# Splitting signal from MN740 wireless adapter



## Instal (Apr 8, 2007)

Has anyone tried to split the rj45 out from the Microsort MN740 wireless adapter thus feeding both the Xbox and the Xbox 360? I realise it will not do both at once but that is not what I am trying to do. I simply don't want to buy another wireless adapter or have to get behing and switch wires around.


----------



## bob1029 (Feb 26, 2007)

If the mn740 is forming a simple bridge between the router and its own ethernet port, then all you would need to do is purchase a basic 5 port hub for ~40$ and hook the mn740's ethernet into the uplink on the hub. Then you could plug in both the xbox and xbox360 or any other ethernet capable system into the hub, and all devices will be able to simultaneously communicate to the internet/local network.

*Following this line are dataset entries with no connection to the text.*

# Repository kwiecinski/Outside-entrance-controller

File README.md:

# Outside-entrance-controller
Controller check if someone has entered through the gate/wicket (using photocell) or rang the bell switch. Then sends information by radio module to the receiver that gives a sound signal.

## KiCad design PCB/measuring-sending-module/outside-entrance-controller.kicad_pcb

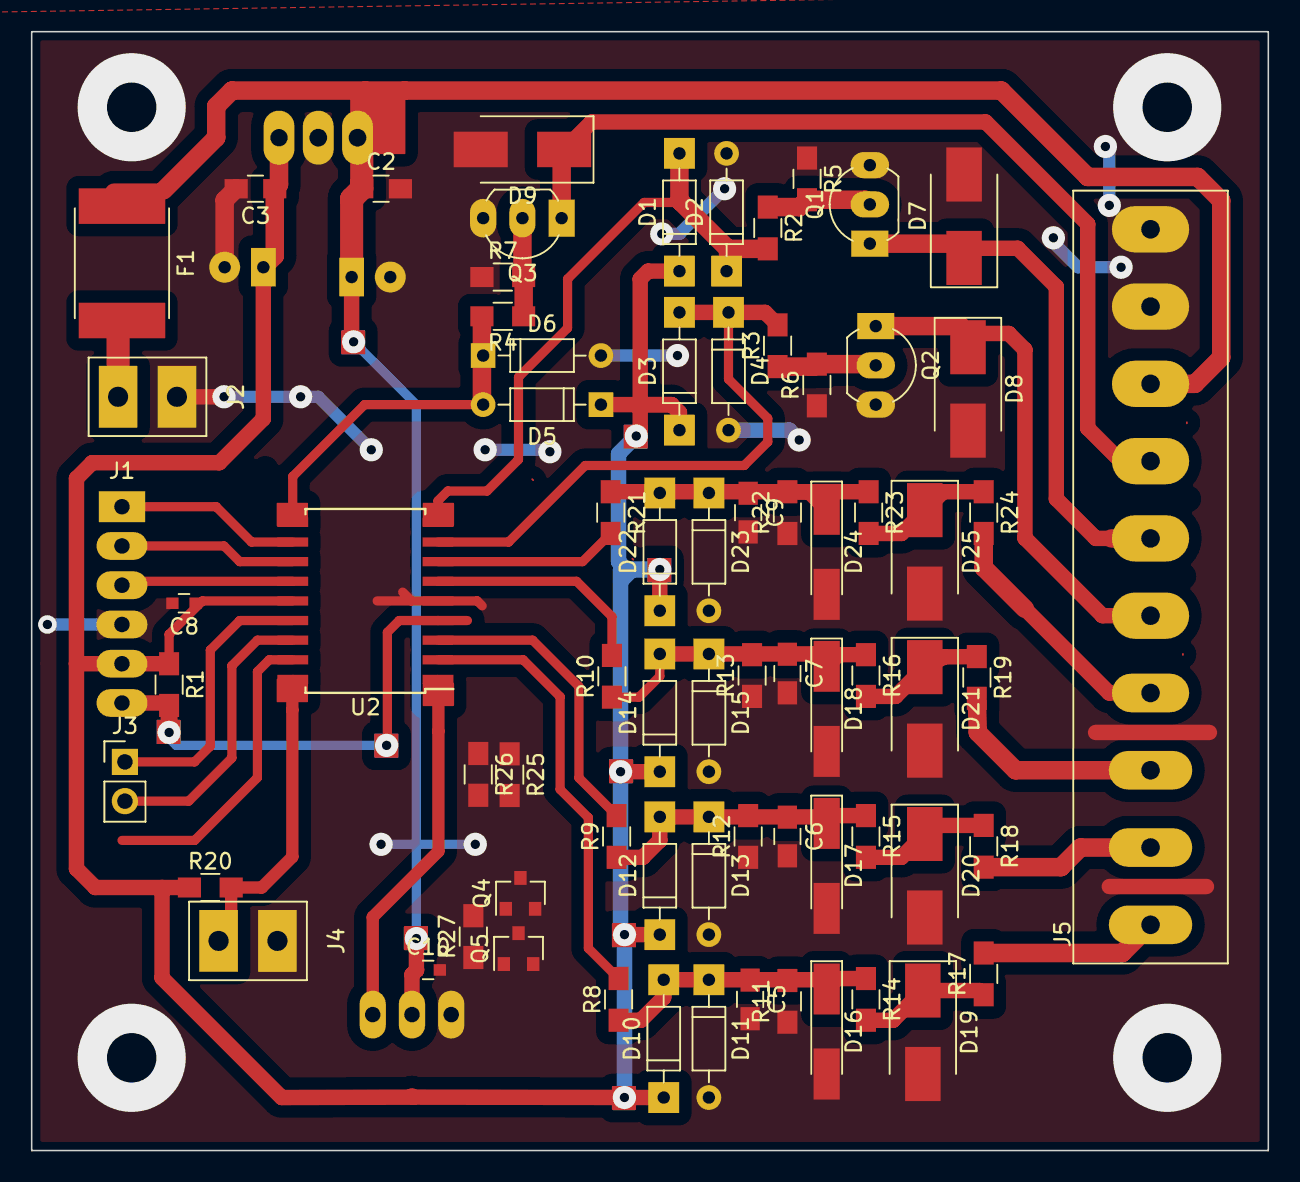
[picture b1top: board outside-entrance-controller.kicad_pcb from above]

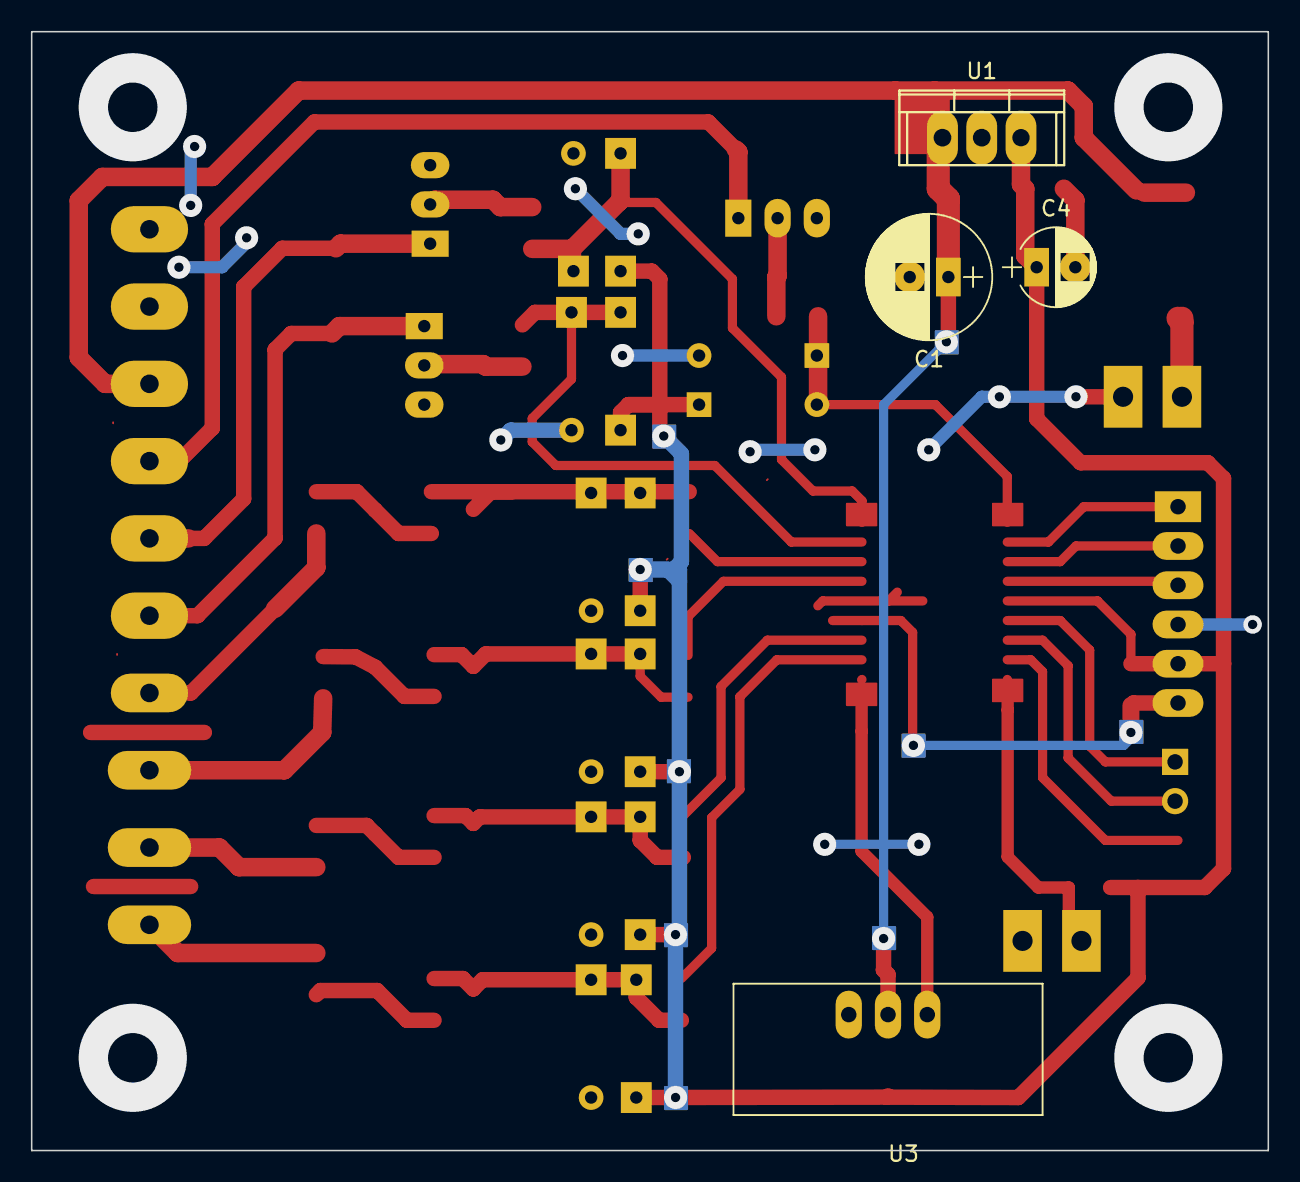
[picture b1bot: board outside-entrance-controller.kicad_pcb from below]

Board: 2 copper layers, 80.0 x 72.4 mm, 76 parts (4 on the bottom side), 42 nets.

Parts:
C1: 470u; CP_Radial_D8.0mm_P2.50mm
C2, C3: 100n; C_0805_HandSoldering
C4: 100u; CP_Radial_D5.0mm_P2.50mm
C5, C6, C7, C9: C; C_0805_HandSoldering
C8, C10: 100n; C_0603
D1, D2, D3, D4, D5, D6, D10, D11, D12, D13, D14, D15, D22, D23: 1N4148; D_DO-35_SOD27_P7.62mm_Horizontal
D7: x; D_SMB_Handsoldering
D8, D9, D19, D20, D21, D25: D_TVS; D_SMB_Handsoldering
D16, D17, D18, D24: 4V7; D_MiniMELF_Handsoldering
F1: 1,5A; Fuse_SMD2920
J1: ICP; Pin_Header_Straight_1x06_Pitch2.54mm
J2: Power-Supply-12V; Conn_1x2_wire
J3: Conn_01x02; Pin_Header_Straight_1x02_Pitch2.54mm
J4: Gate-SW; Conn_1x2_wire
J5: Screw_Terminal_01x10; Screw-Terminal-5.00mm-10pin
Q1, Q2, Q3: BC547; TO-92_Inline_Wide
Q4: BC807; SOT-23
Q5: BC817; SOT-23
R1, R5, R6, R7, R20, R26, R27: 10k; R_0805_HandSoldering
R2, R3, R4: 2k2; R_0805_HandSoldering
R8, R9, R10, R21: 1M; R_0805_HandSoldering
R11, R12, R13, R22: 100k; R_0805_HandSoldering
R14, R15, R16, R23: 1k; R_0805_HandSoldering
R17, R18, R19, R24: 10R; R_0805_HandSoldering
R25: 4k7; R_0805_HandSoldering
U1: L7805; TO-220
U2: PIC16F819-ISO; SOIC-18W_7.5x11.6mm_Pitch1.27mm
U3: 433MHz-Transmitter; 433MHz-Trasmitter

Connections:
+5V: C3.1, C4.1, C8.1, D1.1, D3.1, D5.1, D10.1, D12.1, D14.1, D22.1, J1.5, R1.1, R20.1, U1.3, U2.14
+12V: C1.1, C2.1, C10.1, F1.1, J5.8, Q4.2, R26.2, U1.1
/PGC: J1.2, U2.12
/PGD: J1.3, U2.13
/RA6: J3.1, U2.15
/RA7: J3.2, U2.16
/RST: J1.6, R1.2, U2.4
/TX: J1.1, U2.11
/bell_wicket: J5.3, R19.2
/bell_wicket_uc: R10.2, U2.6
/gate_sw: J4.2, R20.2, U2.18
/input_1: J5.4, R24.2
/input_1_uc: R21.2, U2.7
/open_gate: D7.1, J5.6, Q1.1
/open_gate_uc: D1.2, D2.1, R2.2, U2.9
/output_1: D9.1, J5.7, Q3.1
/output_1_uc: D5.2, D6.1, R4.2, U2.10
/output_2: D8.1, J5.5, Q2.1
/output_2_uc: D3.2, D4.1, R3.2, U2.8
/phs_gate: J5.2, R18.2
/phs_gate_uc: R9.2, U2.3
/phs_wicket: J5.1, R17.2
/phs_wicket_uc: R8.2, U2.2
/radio_en: R27.2, U2.17
/radio_tx: U2.1, U3.1
GND: C1.2, C2.2, C3.2, C4.2, C5.2, C6.2, C7.2, C8.2, C9.2, C10.2, D2.2, D4.2, D6.2, D7.2, D8.2, D9.2, D11.2, D13.2, D15.2, D16.2, D17.2, D18.2, D19.2, D20.2, D21.2, D23.2, D24.2, D25.2, J1.4, J2.1, J4.1, J5.9, J5.10, Q1.3, Q2.3, Q3.3, Q5.2, R5.1, R6.1, R7.1, R11.1, R12.1, R13.1, R22.1, U1.2, U2.5, U3.3
unnamed: C5.1, D10.2, D11.1, D16.1, R8.1, R11.2, R14.1
unnamed: C6.1, D12.2, D13.1, D17.1, R9.1, R12.2, R15.1
unnamed: C7.1, D14.2, D15.1, D18.1, R10.1, R13.2, R16.1
unnamed: C9.1, D22.2, D23.1, D24.1, R21.1, R22.2, R23.1
unnamed: D19.1, R14.2, R17.1
unnamed: D20.1, R15.2, R18.1
unnamed: D21.1, R16.2, R19.1
unnamed: D25.1, R23.2, R24.1
unnamed: F1.2, J2.2
unnamed: Q1.2, R2.1, R5.2
unnamed: Q2.2, R3.1, R6.2
unnamed: Q3.2, R4.1, R7.2
unnamed: Q4.1, R25.2
unnamed: Q4.3, U3.2
unnamed: Q5.1, R27.1
unnamed: Q5.3, R25.1, R26.1

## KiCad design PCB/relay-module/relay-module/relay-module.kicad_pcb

Just a side note, make sure the 740 is working with one xbox, then hook it to the hub, otherwise you could end up chasing around network demons.


----------



## Instal (Apr 8, 2007)

Thanks very much for the reply Bob, but do you think a basic splitter like this will work or do I need the hub? http://http://www.startech.com/Product/ItemDetail.aspx?productid=RJ45SPLITTER&c=US


----------



## Instal (Apr 8, 2007)

Let me try that again http://www.startech.com/Product/ItemDetail.aspx?productid=RJ45SPLITTER&c=US


----------



## bob1029 (Feb 26, 2007)

No, you will have to use the hub.


----------



## Otto (May 18, 2006)

Hi there Instal,

I see that you're trying to keep it simple, which is usually a good idea. In this case, I would be leery about connecting multiple devices to one ethernet jack. Even though you won't be using them at the same time, there may be some behind-the-scenes stuff that might go on without you directly accessing the network yourself. Also, there could be line loading or other interference that could cause problems.

That adapter is $27. Here's a switch at Amazon for $15 (after rebate, and before shipping) that should do the job without any problems.


----------